For households, the high-income bracket had somewhat lower taxes on property, compared to past administrations.

President Park’s dovish taxation stance has caused shortage in state tax revenue, which has paradoxically clashed with her commitment three years ago to expand public welfare.

Free child care and kindergarten education for those aged 3-5 was one of her campaign pledges during the 2012 presidential race.

But the lack of funding has triggered a standoff between the central government and regional education offices over financing the program, thanks to an ambiguous law.

The state-initiated Nuri Curriculum is a universal child care service. An ordinance on childhood education revised in 2012 mandates local governments nationwide to fund the Nuri program.

But the current law stipulates that child care centers are classified as nurseries, which come under the purview of the Ministry of Health and Welfare. As a result, while the ordinance says regional education offices are obliged to pay for the child care programs, the law does not mandate it.

The central government and local education offices are seeking to offload the responsibility onto each other, leading to a war of words among political parties ahead of the April 13 general election.

Seven education offices — Seoul, Gwangju, Sejong, South and North Jeolla provinces, Gangwon Province and Gyeonggi Province — have yet to pledge full financial coverage of the subsidy program.

The central government claimed that the money for the Nuri program should come from the 41.2 trillion won ($34.6 billion) budget already allocated for the country’s 17 city and provincial education offices in 2016, marking a 1.8 trillion won increase from the year before. Officials also stressed that a plan to inject an additional 300 billion won was passed by the National Assembly.

But an official from a provincial superintendent said the 1.8 trillion won budget increase was “not even enough to cover the increase in payroll” of education workers.

Park has continued to reaffirm her position on the tax issue. She compared imposing a tax that does not help revitalize the economy to building a castle on sand.

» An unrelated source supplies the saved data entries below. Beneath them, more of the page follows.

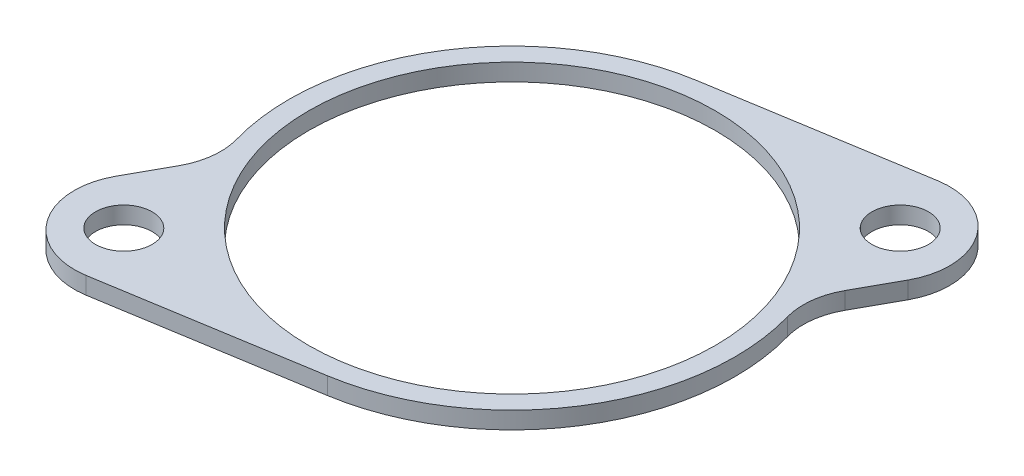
ISO-10303-21;
HEADER;
FILE_DESCRIPTION(('STEP AP214'),'2;1');
FILE_NAME('part.step','',(''),(''),'','','');
FILE_SCHEMA(('AUTOMOTIVE_DESIGN { 1 0 10303 214 1 1 1 1 }'));
ENDSEC;
DATA;
#1=APPLICATION_CONTEXT('core data for automotive mechanical design processes');
#2=APPLICATION_PROTOCOL_DEFINITION('international standard','automotive_design',2000,#1);
#3=PRODUCT_CONTEXT('',#1,'mechanical');
#4=PRODUCT('Part','Part','',(#3));
#5=PRODUCT_RELATED_PRODUCT_CATEGORY('part','',(#4));
#6=PRODUCT_DEFINITION_FORMATION('','',#4);
#7=PRODUCT_DEFINITION_CONTEXT('part definition',#1,'design');
#8=PRODUCT_DEFINITION('design','',#6,#7);
#9=PRODUCT_DEFINITION_SHAPE('','',#8);
#10=(LENGTH_UNIT() NAMED_UNIT(*) SI_UNIT(.MILLI.,.METRE.));
#11=(NAMED_UNIT(*) PLANE_ANGLE_UNIT() SI_UNIT($,.RADIAN.));
#12=(NAMED_UNIT(*) SI_UNIT($,.STERADIAN.) SOLID_ANGLE_UNIT());
#13=UNCERTAINTY_MEASURE_WITH_UNIT(LENGTH_MEASURE(1.E-05),#10,'distance_accuracy_value','');
#14=(GEOMETRIC_REPRESENTATION_CONTEXT(3) GLOBAL_UNCERTAINTY_ASSIGNED_CONTEXT((#13)) GLOBAL_UNIT_ASSIGNED_CONTEXT((#10,
#11,#12)) REPRESENTATION_CONTEXT('',''));
#15=CARTESIAN_POINT('',(0.,0.,0.));
#16=DIRECTION('',(0.,0.,1.));
#17=DIRECTION('',(1.,0.,0.));
#18=AXIS2_PLACEMENT_3D('',#15,#16,#17);
#19=CARTESIAN_POINT('',(0.,1.,0.));
#20=DIRECTION('',(0.,1.,0.));
#21=DIRECTION('',(0.,0.,1.));
#22=AXIS2_PLACEMENT_3D('',#19,#20,#21);
#23=PLANE('',#22);
#24=CARTESIAN_POINT('',(11.3137084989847,1.,-11.3137084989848));
#25=DIRECTION('',(0.,1.,0.));
#26=DIRECTION('',(0.,0.,1.));
#27=AXIS2_PLACEMENT_3D('',#24,#25,#26);
#28=CIRCLE('',#27,1.65);
#29=CARTESIAN_POINT('',(11.3137084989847,1.,-9.66370849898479));
#30=VERTEX_POINT('',#29);
#31=EDGE_CURVE('E220',#30,#30,#28,.T.);
#32=ORIENTED_EDGE('',*,*,#31,.F.);
#33=EDGE_LOOP('',(#32));
#34=FACE_BOUND('',#33,.T.);
#35=DIRECTION('',(0.482923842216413,0.,-0.875662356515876));
#36=VECTOR('',#35,1.);
#37=CARTESIAN_POINT('',(12.,1.,-5.));
#38=LINE('',#37,#36);
#39=CARTESIAN_POINT('',(12.8569307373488,1.,-6.55383090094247));
#40=VERTEX_POINT('',#39);
#41=CARTESIAN_POINT('',(14.1624216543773,1.,-8.92101419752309));
#42=VERTEX_POINT('',#41);
#43=EDGE_CURVE('E130',#40,#42,#38,.T.);
#44=ORIENTED_EDGE('',*,*,#43,.T.);
#45=CARTESIAN_POINT('',(10.6597722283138,1.,-10.8527095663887));
#46=DIRECTION('',(0.,1.,0.));
#47=DIRECTION('',(0.,0.,1.));
#48=AXIS2_PLACEMENT_3D('',#45,#46,#47);
#49=CIRCLE('',#48,4.);
#50=CARTESIAN_POINT('',(10.0174117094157,1.,-14.8007942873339));
#51=VERTEX_POINT('',#50);
#52=EDGE_CURVE('E126',#42,#51,#49,.T.);
#53=ORIENTED_EDGE('',*,*,#52,.T.);
#54=DIRECTION('',(-0.9870211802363,0.,0.160590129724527));
#55=VECTOR('',#54,1.);
#56=CARTESIAN_POINT('',(18.1333296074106,1.,-16.1212687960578));
#57=LINE('',#56,#55);
#58=CARTESIAN_POINT('',(-2.08767168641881,1.,-12.8312753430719));
#59=VERTEX_POINT('',#58);
#60=EDGE_CURVE('E118',#51,#59,#57,.T.);
#61=ORIENTED_EDGE('',*,*,#60,.T.);
#62=CARTESIAN_POINT('',(0.,1.,0.));
#63=DIRECTION('',(0.,1.,0.));
#64=DIRECTION('',(0.,0.,1.));
#65=AXIS2_PLACEMENT_3D('',#62,#63,#64);
#66=CIRCLE('',#65,13.);
#67=CARTESIAN_POINT('',(-12.5102671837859,1.,3.53457423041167));
#68=VERTEX_POINT('',#67);
#69=EDGE_CURVE('E123',#59,#68,#66,.T.);
#70=ORIENTED_EDGE('',*,*,#69,.T.);
#71=CARTESIAN_POINT('',(-16.3595801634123,1.,4.6221355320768));
#72=DIRECTION('',(0.,1.,0.));
#73=DIRECTION('',(0.,0.,1.));
#74=AXIS2_PLACEMENT_3D('',#71,#72,#73);
#75=CIRCLE('',#74,4.);
#76=CARTESIAN_POINT('',(-12.8569307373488,1.,6.55383090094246));
#77=VERTEX_POINT('',#76);
#78=EDGE_CURVE('E194',#68,#77,#75,.F.);
#79=ORIENTED_EDGE('',*,*,#78,.T.);
#80=DIRECTION('',(-0.482923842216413,0.,0.875662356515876));
#81=VECTOR('',#80,1.);
#82=CARTESIAN_POINT('',(-12.,1.,5.));
#83=LINE('',#82,#81);
#84=CARTESIAN_POINT('',(-14.1624216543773,1.,8.92101419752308));
#85=VERTEX_POINT('',#84);
#86=EDGE_CURVE('E146',#77,#85,#83,.T.);
#87=ORIENTED_EDGE('',*,*,#86,.T.);
#88=CARTESIAN_POINT('',(-10.6597722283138,1.,10.8527095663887));
#89=DIRECTION('',(0.,1.,0.));
#90=DIRECTION('',(0.,0.,1.));
#91=AXIS2_PLACEMENT_3D('',#88,#89,#90);
#92=CIRCLE('',#91,4.);
#93=CARTESIAN_POINT('',(-10.0174117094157,1.,14.8007942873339));
#94=VERTEX_POINT('',#93);
#95=EDGE_CURVE('E56',#85,#94,#92,.T.);
#96=ORIENTED_EDGE('',*,*,#95,.T.);
#97=DIRECTION('',(0.987021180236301,0.,-0.160590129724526));
#98=VECTOR('',#97,1.);
#99=CARTESIAN_POINT('',(-18.1333296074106,1.,16.1212687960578));
#100=LINE('',#99,#98);
#101=CARTESIAN_POINT('',(2.08767168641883,1.,12.8312753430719));
#102=VERTEX_POINT('',#101);
#103=EDGE_CURVE('E148',#94,#102,#100,.T.);
#104=ORIENTED_EDGE('',*,*,#103,.T.);
#105=CARTESIAN_POINT('',(0.,1.,0.));
#106=DIRECTION('',(0.,1.,0.));
#107=DIRECTION('',(0.,0.,1.));
#108=AXIS2_PLACEMENT_3D('',#105,#106,#107);
#109=CIRCLE('',#108,13.);
#110=CARTESIAN_POINT('',(12.5102671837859,1.,-3.53457423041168));
#111=VERTEX_POINT('',#110);
#112=EDGE_CURVE('E168',#102,#111,#109,.T.);
#113=ORIENTED_EDGE('',*,*,#112,.T.);
#114=CARTESIAN_POINT('',(16.3595801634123,1.,-4.62213553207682));
#115=DIRECTION('',(0.,1.,0.));
#116=DIRECTION('',(0.,0.,1.));
#117=AXIS2_PLACEMENT_3D('',#114,#115,#116);
#118=CIRCLE('',#117,4.);
#119=EDGE_CURVE('E11',#111,#40,#118,.F.);
#120=ORIENTED_EDGE('',*,*,#119,.T.);
#121=EDGE_LOOP('',(#44,#53,#61,#70,#79,#87,#96,#104,#113,#120));
#122=FACE_BOUND('',#121,.T.);
#123=CARTESIAN_POINT('',(0.,1.,0.));
#124=DIRECTION('',(0.,1.,0.));
#125=DIRECTION('',(0.,0.,1.));
#126=AXIS2_PLACEMENT_3D('',#123,#124,#125);
#127=CIRCLE('',#126,11.85);
#128=CARTESIAN_POINT('',(0.,1.,11.85));
#129=VERTEX_POINT('',#128);
#130=EDGE_CURVE('E157',#129,#129,#127,.T.);
#131=ORIENTED_EDGE('',*,*,#130,.F.);
#132=EDGE_LOOP('',(#131));
#133=FACE_BOUND('',#132,.T.);
#134=CARTESIAN_POINT('',(-11.3137084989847,1.,11.3137084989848));
#135=DIRECTION('',(0.,1.,0.));
#136=DIRECTION('',(0.,0.,1.));
#137=AXIS2_PLACEMENT_3D('',#134,#135,#136);
#138=CIRCLE('',#137,1.65);
#139=CARTESIAN_POINT('',(-11.3137084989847,1.,12.9637084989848));
#140=VERTEX_POINT('',#139);
#141=EDGE_CURVE('E226',#140,#140,#138,.T.);
#142=ORIENTED_EDGE('',*,*,#141,.F.);
#143=EDGE_LOOP('',(#142));
#144=FACE_BOUND('',#143,.T.);
#145=ADVANCED_FACE('F41',(#34,#122,#133,#144),#23,.T.);
#146=CARTESIAN_POINT('',(0.,0.,0.));
#147=DIRECTION('',(0.,1.,0.));
#148=DIRECTION('',(0.,0.,1.));
#149=AXIS2_PLACEMENT_3D('',#146,#147,#148);
#150=PLANE('',#149);
#151=DIRECTION('',(-0.9870211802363,0.,0.160590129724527));
#152=VECTOR('',#151,1.);
#153=CARTESIAN_POINT('',(18.1333296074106,0.,-16.1212687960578));
#154=LINE('',#153,#152);
#155=CARTESIAN_POINT('',(10.0174117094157,0.,-14.8007942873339));
#156=VERTEX_POINT('',#155);
#157=CARTESIAN_POINT('',(-2.08767168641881,0.,-12.8312753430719));
#158=VERTEX_POINT('',#157);
#159=EDGE_CURVE('E136',#156,#158,#154,.T.);
#160=ORIENTED_EDGE('',*,*,#159,.F.);
#161=CARTESIAN_POINT('',(10.6597722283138,0.,-10.8527095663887));
#162=DIRECTION('',(0.,1.,0.));
#163=DIRECTION('',(0.,0.,1.));
#164=AXIS2_PLACEMENT_3D('',#161,#162,#163);
#165=CIRCLE('',#164,4.);
#166=CARTESIAN_POINT('',(14.1624216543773,0.,-8.92101419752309));
#167=VERTEX_POINT('',#166);
#168=EDGE_CURVE('E186',#156,#167,#165,.F.);
#169=ORIENTED_EDGE('',*,*,#168,.T.);
#170=DIRECTION('',(0.482923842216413,0.,-0.875662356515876));
#171=VECTOR('',#170,1.);
#172=CARTESIAN_POINT('',(12.,0.,-5.));
#173=LINE('',#172,#171);
#174=CARTESIAN_POINT('',(12.8569307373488,0.,-6.55383090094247));
#175=VERTEX_POINT('',#174);
#176=EDGE_CURVE('E156',#175,#167,#173,.T.);
#177=ORIENTED_EDGE('',*,*,#176,.F.);
#178=CARTESIAN_POINT('',(16.3595801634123,0.,-4.62213553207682));
#179=DIRECTION('',(0.,1.,0.));
#180=DIRECTION('',(0.,0.,1.));
#181=AXIS2_PLACEMENT_3D('',#178,#179,#180);
#182=CIRCLE('',#181,4.);
#183=CARTESIAN_POINT('',(12.5102671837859,0.,-3.53457423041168));
#184=VERTEX_POINT('',#183);
#185=EDGE_CURVE('E49',#175,#184,#182,.T.);
#186=ORIENTED_EDGE('',*,*,#185,.T.);
#187=CARTESIAN_POINT('',(0.,0.,0.));
#188=DIRECTION('',(0.,1.,0.));
#189=DIRECTION('',(0.,0.,1.));
#190=AXIS2_PLACEMENT_3D('',#187,#188,#189);
#191=CIRCLE('',#190,13.);
#192=CARTESIAN_POINT('',(2.08767168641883,0.,12.8312753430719));
#193=VERTEX_POINT('',#192);
#194=EDGE_CURVE('E153',#193,#184,#191,.T.);
#195=ORIENTED_EDGE('',*,*,#194,.F.);
#196=DIRECTION('',(0.987021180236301,0.,-0.160590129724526));
#197=VECTOR('',#196,1.);
#198=CARTESIAN_POINT('',(-18.1333296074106,0.,16.1212687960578));
#199=LINE('',#198,#197);
#200=CARTESIAN_POINT('',(-10.0174117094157,0.,14.8007942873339));
#201=VERTEX_POINT('',#200);
#202=EDGE_CURVE('E166',#201,#193,#199,.T.);
#203=ORIENTED_EDGE('',*,*,#202,.F.);
#204=CARTESIAN_POINT('',(-10.6597722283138,0.,10.8527095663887));
#205=DIRECTION('',(0.,1.,0.));
#206=DIRECTION('',(0.,0.,1.));
#207=AXIS2_PLACEMENT_3D('',#204,#205,#206);
#208=CIRCLE('',#207,4.);
#209=CARTESIAN_POINT('',(-14.1624216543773,0.,8.92101419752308));
#210=VERTEX_POINT('',#209);
#211=EDGE_CURVE('E64',#201,#210,#208,.F.);
#212=ORIENTED_EDGE('',*,*,#211,.T.);
#213=DIRECTION('',(-0.482923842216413,0.,0.875662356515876));
#214=VECTOR('',#213,1.);
#215=CARTESIAN_POINT('',(-12.,0.,5.));
#216=LINE('',#215,#214);
#217=CARTESIAN_POINT('',(-12.8569307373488,0.,6.55383090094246));
#218=VERTEX_POINT('',#217);
#219=EDGE_CURVE('E163',#218,#210,#216,.T.);
#220=ORIENTED_EDGE('',*,*,#219,.F.);
#221=CARTESIAN_POINT('',(-16.3595801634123,0.,4.6221355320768));
#222=DIRECTION('',(0.,1.,0.));
#223=DIRECTION('',(0.,0.,1.));
#224=AXIS2_PLACEMENT_3D('',#221,#222,#223);
#225=CIRCLE('',#224,4.);
#226=CARTESIAN_POINT('',(-12.5102671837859,0.,3.53457423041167));
#227=VERTEX_POINT('',#226);
#228=EDGE_CURVE('E192',#218,#227,#225,.T.);
#229=ORIENTED_EDGE('',*,*,#228,.T.);
#230=CARTESIAN_POINT('',(0.,0.,0.));
#231=DIRECTION('',(0.,1.,0.));
#232=DIRECTION('',(0.,0.,1.));
#233=AXIS2_PLACEMENT_3D('',#230,#231,#232);
#234=CIRCLE('',#233,13.);
#235=EDGE_CURVE('E161',#158,#227,#234,.T.);
#236=ORIENTED_EDGE('',*,*,#235,.F.);
#237=EDGE_LOOP('',(#160,#169,#177,#186,#195,#203,#212,#220,#229,#236));
#238=FACE_BOUND('',#237,.T.);
#239=CARTESIAN_POINT('',(0.,0.,0.));
#240=DIRECTION('',(0.,1.,0.));
#241=DIRECTION('',(0.,0.,1.));
#242=AXIS2_PLACEMENT_3D('',#239,#240,#241);
#243=CIRCLE('',#242,11.85);
#244=CARTESIAN_POINT('',(0.,0.,11.85));
#245=VERTEX_POINT('',#244);
#246=EDGE_CURVE('E217',#245,#245,#243,.T.);
#247=ORIENTED_EDGE('',*,*,#246,.T.);
#248=EDGE_LOOP('',(#247));
#249=FACE_BOUND('',#248,.T.);
#250=CARTESIAN_POINT('',(11.3137084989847,0.,-11.3137084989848));
#251=DIRECTION('',(0.,1.,0.));
#252=DIRECTION('',(0.,0.,1.));
#253=AXIS2_PLACEMENT_3D('',#250,#251,#252);
#254=CIRCLE('',#253,1.65);
#255=CARTESIAN_POINT('',(11.3137084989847,0.,-9.66370849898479));
#256=VERTEX_POINT('',#255);
#257=EDGE_CURVE('E223',#256,#256,#254,.T.);
#258=ORIENTED_EDGE('',*,*,#257,.T.);
#259=EDGE_LOOP('',(#258));
#260=FACE_BOUND('',#259,.T.);
#261=CARTESIAN_POINT('',(-11.3137084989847,0.,11.3137084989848));
#262=DIRECTION('',(0.,1.,0.));
#263=DIRECTION('',(0.,0.,1.));
#264=AXIS2_PLACEMENT_3D('',#261,#262,#263);
#265=CIRCLE('',#264,1.65);
#266=CARTESIAN_POINT('',(-11.3137084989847,0.,12.9637084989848));
#267=VERTEX_POINT('',#266);
#268=EDGE_CURVE('E229',#267,#267,#265,.T.);
#269=ORIENTED_EDGE('',*,*,#268,.T.);
#270=EDGE_LOOP('',(#269));
#271=FACE_BOUND('',#270,.T.);
#272=ADVANCED_FACE('F198',(#238,#249,#260,#271),#150,.F.);
#273=CARTESIAN_POINT('',(0.,1.,0.));
#274=DIRECTION('',(0.,-1.,0.));
#275=DIRECTION('',(0.,0.,-1.));
#276=AXIS2_PLACEMENT_3D('',#273,#274,#275);
#277=CYLINDRICAL_SURFACE('',#276,13.);
#278=ORIENTED_EDGE('',*,*,#194,.T.);
#279=DIRECTION('',(0.,-1.,0.));
#280=VECTOR('',#279,1.);
#281=CARTESIAN_POINT('',(12.5102671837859,1.,-3.53457423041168));
#282=LINE('',#281,#280);
#283=EDGE_CURVE('E181',#184,#111,#282,.F.);
#284=ORIENTED_EDGE('',*,*,#283,.T.);
#285=ORIENTED_EDGE('',*,*,#112,.F.);
#286=DIRECTION('',(0.,-1.,0.));
#287=VECTOR('',#286,1.);
#288=CARTESIAN_POINT('',(2.08767168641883,1.,12.8312753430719));
#289=LINE('',#288,#287);
#290=EDGE_CURVE('E141',#102,#193,#289,.T.);
#291=ORIENTED_EDGE('',*,*,#290,.T.);
#292=EDGE_LOOP('',(#278,#284,#285,#291));
#293=FACE_BOUND('',#292,.T.);
#294=ADVANCED_FACE('F205',(#293),#277,.T.);
#295=CARTESIAN_POINT('',(12.,1.,-5.));
#296=DIRECTION('',(-0.875662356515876,0.,-0.482923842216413));
#297=DIRECTION('',(-0.482923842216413,0.,0.875662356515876));
#298=AXIS2_PLACEMENT_3D('',#295,#296,#297);
#299=PLANE('',#298);
#300=ORIENTED_EDGE('',*,*,#43,.F.);
#301=DIRECTION('',(0.,1.,0.));
#302=VECTOR('',#301,1.);
#303=CARTESIAN_POINT('',(12.8569307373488,0.,-6.55383090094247));
#304=LINE('',#303,#302);
#305=EDGE_CURVE('E178',#40,#175,#304,.F.);
#306=ORIENTED_EDGE('',*,*,#305,.T.);
#307=ORIENTED_EDGE('',*,*,#176,.T.);
#308=DIRECTION('',(0.,-1.,0.));
#309=VECTOR('',#308,1.);
#310=CARTESIAN_POINT('',(14.1624216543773,1.,-8.92101419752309));
#311=LINE('',#310,#309);
#312=EDGE_CURVE('E176',#167,#42,#311,.F.);
#313=ORIENTED_EDGE('',*,*,#312,.T.);
#314=EDGE_LOOP('',(#300,#306,#307,#313));
#315=FACE_BOUND('',#314,.T.);
#316=ADVANCED_FACE('F213',(#315),#299,.F.);
#317=CARTESIAN_POINT('',(18.1333296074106,1.,-16.1212687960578));
#318=DIRECTION('',(0.160590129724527,0.,0.9870211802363));
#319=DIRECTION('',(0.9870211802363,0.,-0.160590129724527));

However, her initiative of “welfare without tax hikes” has involved a repeated overestimation of tax revenues each year to match the increase in spending.

In the five-year state fiscal spending management plan announced in 2012, the administration expected to collect 1.29 quadrillion won during Park’s presidency, with an 8 percent rise every year.

But it cut the estimated tax revenue to 1.19 quadrillion won in 2013. Then, it further slashed the figure to 1.12 quadrillion won in 2014.